As usual, the title is bigger than the content. The paper is actually about how to route a dropship across the map so that the enemy is less likely to catch it along the way, so that the drop is not intercepted and comes as a surprise. It proposes to use the A* algorithm to find the dropship path, and assigns a higher cost to tiles which the enemy is thought to be more likely to see or shoot at; A* will find the lowest-cost path, trading off distance versus risk of being caught.

The paper proposes three influence maps to add up to figure the costs: An enemy vision map based on known or remembered enemy units and their vision range, to avoid being seen; an enemy damage map based on units that can shoot at the dropship, to avoid being shot down (if you are going to be seen, at least be seen by something that can’t kill you); and a weaker map of shortest paths between various bases, which the enemy is likely to be moving along. This figure from the paper shows a sample path:

influence fields and path

The path looks fairly reasonable, except that the dropship should follow more diagonals and not exact horizontals and verticals. The paper says nothing about replanning the path when new information is discovered. Trying the system out in real games is future work, not yet done. Theoretically, the shorter safe paths might lead to faster drops which do more damage.

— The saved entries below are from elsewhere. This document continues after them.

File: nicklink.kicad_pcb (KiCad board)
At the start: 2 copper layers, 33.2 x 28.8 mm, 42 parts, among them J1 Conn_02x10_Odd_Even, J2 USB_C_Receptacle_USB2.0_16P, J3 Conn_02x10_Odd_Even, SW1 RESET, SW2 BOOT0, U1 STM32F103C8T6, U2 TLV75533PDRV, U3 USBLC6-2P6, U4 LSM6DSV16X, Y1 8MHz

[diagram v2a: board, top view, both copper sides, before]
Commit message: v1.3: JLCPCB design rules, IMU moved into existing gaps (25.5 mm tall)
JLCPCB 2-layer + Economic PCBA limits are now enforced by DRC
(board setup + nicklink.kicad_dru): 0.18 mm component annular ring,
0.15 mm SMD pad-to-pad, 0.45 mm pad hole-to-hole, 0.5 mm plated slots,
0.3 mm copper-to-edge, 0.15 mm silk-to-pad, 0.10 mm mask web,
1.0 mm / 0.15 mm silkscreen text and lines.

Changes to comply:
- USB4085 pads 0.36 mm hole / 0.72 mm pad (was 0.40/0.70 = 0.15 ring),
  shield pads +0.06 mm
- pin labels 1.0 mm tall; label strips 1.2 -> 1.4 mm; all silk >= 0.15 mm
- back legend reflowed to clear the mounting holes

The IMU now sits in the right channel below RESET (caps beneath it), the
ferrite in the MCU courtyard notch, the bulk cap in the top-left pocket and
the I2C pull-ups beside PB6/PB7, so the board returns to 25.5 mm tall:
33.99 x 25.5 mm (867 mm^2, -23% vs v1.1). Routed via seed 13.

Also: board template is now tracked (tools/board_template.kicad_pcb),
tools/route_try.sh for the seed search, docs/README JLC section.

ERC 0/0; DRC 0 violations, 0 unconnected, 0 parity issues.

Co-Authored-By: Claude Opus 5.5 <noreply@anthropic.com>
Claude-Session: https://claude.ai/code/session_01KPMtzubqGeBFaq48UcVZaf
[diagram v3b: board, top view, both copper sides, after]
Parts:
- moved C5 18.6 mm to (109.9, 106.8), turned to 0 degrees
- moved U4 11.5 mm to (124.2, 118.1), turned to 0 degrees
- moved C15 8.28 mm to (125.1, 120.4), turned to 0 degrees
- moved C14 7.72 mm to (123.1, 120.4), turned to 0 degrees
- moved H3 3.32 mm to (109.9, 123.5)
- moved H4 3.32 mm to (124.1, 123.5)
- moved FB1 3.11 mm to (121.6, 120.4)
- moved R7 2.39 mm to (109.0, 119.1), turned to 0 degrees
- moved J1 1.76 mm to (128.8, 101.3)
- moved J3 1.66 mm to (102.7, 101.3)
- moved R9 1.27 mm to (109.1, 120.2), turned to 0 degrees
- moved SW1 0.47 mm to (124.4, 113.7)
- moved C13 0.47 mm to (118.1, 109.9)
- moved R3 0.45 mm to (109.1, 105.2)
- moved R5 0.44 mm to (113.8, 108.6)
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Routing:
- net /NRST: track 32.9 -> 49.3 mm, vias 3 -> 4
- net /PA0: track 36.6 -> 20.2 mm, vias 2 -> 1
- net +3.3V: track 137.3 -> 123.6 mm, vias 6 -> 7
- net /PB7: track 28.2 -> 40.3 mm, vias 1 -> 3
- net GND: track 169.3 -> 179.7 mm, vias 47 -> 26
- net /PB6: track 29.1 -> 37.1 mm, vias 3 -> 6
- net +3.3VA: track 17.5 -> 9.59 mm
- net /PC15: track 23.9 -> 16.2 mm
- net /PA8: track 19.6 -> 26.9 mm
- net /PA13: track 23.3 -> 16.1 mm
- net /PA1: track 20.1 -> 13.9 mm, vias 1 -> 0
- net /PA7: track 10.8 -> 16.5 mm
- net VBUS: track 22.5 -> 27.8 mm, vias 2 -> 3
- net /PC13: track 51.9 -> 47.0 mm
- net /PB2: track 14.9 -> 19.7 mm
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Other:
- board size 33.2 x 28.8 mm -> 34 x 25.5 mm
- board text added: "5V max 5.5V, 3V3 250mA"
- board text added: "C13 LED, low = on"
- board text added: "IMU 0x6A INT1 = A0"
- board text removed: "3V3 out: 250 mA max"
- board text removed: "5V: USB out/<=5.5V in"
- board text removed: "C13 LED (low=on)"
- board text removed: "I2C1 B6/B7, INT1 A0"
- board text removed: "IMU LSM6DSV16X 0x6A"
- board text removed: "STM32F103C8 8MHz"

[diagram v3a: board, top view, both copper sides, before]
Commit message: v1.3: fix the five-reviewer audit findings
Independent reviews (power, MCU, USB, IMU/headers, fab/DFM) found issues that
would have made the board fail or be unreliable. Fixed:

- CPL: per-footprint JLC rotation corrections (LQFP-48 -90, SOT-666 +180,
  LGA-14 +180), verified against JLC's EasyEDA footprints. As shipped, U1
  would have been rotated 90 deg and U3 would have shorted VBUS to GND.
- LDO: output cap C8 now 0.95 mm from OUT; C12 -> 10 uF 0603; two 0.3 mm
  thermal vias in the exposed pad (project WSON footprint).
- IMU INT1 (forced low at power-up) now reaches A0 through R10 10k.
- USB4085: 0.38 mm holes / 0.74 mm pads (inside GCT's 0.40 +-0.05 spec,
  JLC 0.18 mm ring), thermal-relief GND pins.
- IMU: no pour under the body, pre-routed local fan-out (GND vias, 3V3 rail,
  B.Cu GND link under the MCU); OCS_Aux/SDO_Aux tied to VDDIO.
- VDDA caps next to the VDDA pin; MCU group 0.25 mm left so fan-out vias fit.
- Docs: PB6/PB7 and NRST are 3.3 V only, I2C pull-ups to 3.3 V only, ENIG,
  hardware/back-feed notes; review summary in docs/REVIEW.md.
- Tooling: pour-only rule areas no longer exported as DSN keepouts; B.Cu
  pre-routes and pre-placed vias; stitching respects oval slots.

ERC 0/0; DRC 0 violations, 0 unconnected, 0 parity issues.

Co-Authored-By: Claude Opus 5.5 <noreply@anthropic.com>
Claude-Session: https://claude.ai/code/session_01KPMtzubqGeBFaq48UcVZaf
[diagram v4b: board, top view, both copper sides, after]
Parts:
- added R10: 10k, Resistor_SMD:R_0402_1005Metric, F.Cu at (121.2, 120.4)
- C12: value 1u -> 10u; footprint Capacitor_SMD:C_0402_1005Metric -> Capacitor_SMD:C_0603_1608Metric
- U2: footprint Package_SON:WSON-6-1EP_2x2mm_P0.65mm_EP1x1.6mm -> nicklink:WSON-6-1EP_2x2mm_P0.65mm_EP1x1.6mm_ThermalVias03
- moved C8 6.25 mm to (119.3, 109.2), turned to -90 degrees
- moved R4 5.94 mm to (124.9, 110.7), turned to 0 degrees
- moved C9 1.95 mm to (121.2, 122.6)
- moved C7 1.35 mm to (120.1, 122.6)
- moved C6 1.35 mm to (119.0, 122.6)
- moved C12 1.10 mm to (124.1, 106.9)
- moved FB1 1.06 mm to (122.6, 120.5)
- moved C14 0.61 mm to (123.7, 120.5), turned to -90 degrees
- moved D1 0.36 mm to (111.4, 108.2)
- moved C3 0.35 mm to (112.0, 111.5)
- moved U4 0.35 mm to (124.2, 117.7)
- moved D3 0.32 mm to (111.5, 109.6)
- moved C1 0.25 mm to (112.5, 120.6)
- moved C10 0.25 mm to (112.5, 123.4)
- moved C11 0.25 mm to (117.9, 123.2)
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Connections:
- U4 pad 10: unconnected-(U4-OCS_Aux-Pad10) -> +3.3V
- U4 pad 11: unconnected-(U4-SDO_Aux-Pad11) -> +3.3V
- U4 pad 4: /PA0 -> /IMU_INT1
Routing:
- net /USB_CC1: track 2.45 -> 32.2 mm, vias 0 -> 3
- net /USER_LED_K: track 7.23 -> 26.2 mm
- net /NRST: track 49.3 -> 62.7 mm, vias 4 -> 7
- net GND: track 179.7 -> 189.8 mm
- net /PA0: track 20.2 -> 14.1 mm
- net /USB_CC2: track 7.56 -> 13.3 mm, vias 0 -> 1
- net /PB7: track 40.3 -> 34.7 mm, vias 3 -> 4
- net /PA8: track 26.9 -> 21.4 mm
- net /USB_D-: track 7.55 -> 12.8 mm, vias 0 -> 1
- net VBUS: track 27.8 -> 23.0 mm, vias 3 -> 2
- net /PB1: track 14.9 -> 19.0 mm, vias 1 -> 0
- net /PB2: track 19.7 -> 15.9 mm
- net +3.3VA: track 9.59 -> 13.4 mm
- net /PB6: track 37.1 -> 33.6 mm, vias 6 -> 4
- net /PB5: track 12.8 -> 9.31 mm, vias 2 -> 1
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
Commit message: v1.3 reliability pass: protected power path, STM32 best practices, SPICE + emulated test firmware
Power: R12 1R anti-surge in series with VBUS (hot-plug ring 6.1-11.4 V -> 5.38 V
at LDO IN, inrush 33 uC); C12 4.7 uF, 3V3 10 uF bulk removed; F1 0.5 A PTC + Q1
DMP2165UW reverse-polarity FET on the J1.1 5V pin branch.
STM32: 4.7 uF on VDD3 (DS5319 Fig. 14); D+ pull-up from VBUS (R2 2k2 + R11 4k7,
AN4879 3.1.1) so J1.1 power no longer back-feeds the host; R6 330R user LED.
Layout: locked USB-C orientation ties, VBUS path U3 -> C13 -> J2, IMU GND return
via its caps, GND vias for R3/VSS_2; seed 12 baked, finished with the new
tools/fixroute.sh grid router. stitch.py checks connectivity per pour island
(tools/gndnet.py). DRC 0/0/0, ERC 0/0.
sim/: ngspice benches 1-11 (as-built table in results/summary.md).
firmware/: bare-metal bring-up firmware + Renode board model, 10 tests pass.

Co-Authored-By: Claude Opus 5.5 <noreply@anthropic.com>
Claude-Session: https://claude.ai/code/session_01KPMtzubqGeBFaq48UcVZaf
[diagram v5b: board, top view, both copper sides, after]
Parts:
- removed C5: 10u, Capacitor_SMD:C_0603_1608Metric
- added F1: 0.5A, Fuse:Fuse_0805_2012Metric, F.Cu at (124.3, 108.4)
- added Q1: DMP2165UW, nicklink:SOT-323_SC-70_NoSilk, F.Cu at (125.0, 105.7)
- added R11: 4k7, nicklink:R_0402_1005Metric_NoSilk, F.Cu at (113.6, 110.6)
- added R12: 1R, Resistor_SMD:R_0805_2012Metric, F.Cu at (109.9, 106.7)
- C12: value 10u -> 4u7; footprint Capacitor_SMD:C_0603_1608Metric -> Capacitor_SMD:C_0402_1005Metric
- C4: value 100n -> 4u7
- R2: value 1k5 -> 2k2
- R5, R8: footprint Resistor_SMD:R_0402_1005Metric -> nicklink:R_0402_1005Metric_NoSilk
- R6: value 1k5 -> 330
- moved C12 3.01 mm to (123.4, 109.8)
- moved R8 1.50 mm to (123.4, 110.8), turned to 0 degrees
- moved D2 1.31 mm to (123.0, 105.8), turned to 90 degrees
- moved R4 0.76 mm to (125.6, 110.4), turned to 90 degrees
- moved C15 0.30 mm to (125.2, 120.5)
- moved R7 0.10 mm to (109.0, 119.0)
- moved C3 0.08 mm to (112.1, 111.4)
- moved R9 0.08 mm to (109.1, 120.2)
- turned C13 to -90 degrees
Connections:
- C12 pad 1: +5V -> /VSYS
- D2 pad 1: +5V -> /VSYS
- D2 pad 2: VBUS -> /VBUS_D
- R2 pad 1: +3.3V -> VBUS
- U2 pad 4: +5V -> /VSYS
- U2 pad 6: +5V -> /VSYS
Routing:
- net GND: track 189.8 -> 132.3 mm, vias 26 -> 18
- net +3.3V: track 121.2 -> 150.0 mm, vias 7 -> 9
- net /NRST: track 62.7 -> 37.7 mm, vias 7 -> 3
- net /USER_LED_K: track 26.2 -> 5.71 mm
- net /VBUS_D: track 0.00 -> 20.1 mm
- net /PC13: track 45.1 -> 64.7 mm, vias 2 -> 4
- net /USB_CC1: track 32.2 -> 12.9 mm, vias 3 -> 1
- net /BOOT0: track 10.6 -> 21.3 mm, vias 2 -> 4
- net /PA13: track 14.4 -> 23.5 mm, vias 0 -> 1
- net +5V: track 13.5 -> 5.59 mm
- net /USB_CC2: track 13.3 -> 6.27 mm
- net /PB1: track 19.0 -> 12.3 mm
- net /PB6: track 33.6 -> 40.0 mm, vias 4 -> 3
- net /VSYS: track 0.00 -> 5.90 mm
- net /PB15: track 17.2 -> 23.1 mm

This is early stage work and not impressive so far. But I think it is a good reminder for bot authors: Most bots do not worry much about what the enemy sees, and pay attention mostly to what the enemy does. Finding good transport paths in real time is an important basic skill that bots will eventually have to master. The reaver-dropping protoss bots especially may want to think about that; aiming for the enemy army and aiming for the enemy base and workers call for different approaches.

Although a more important basic skill, that many bots also lack, is recognizing the danger and reacting properly when they do spot a transport moving across the map. Most bots are incurious and it never occurs to them that perhaps a drop is incoming, and perhaps defenders should be moved into position to intercept.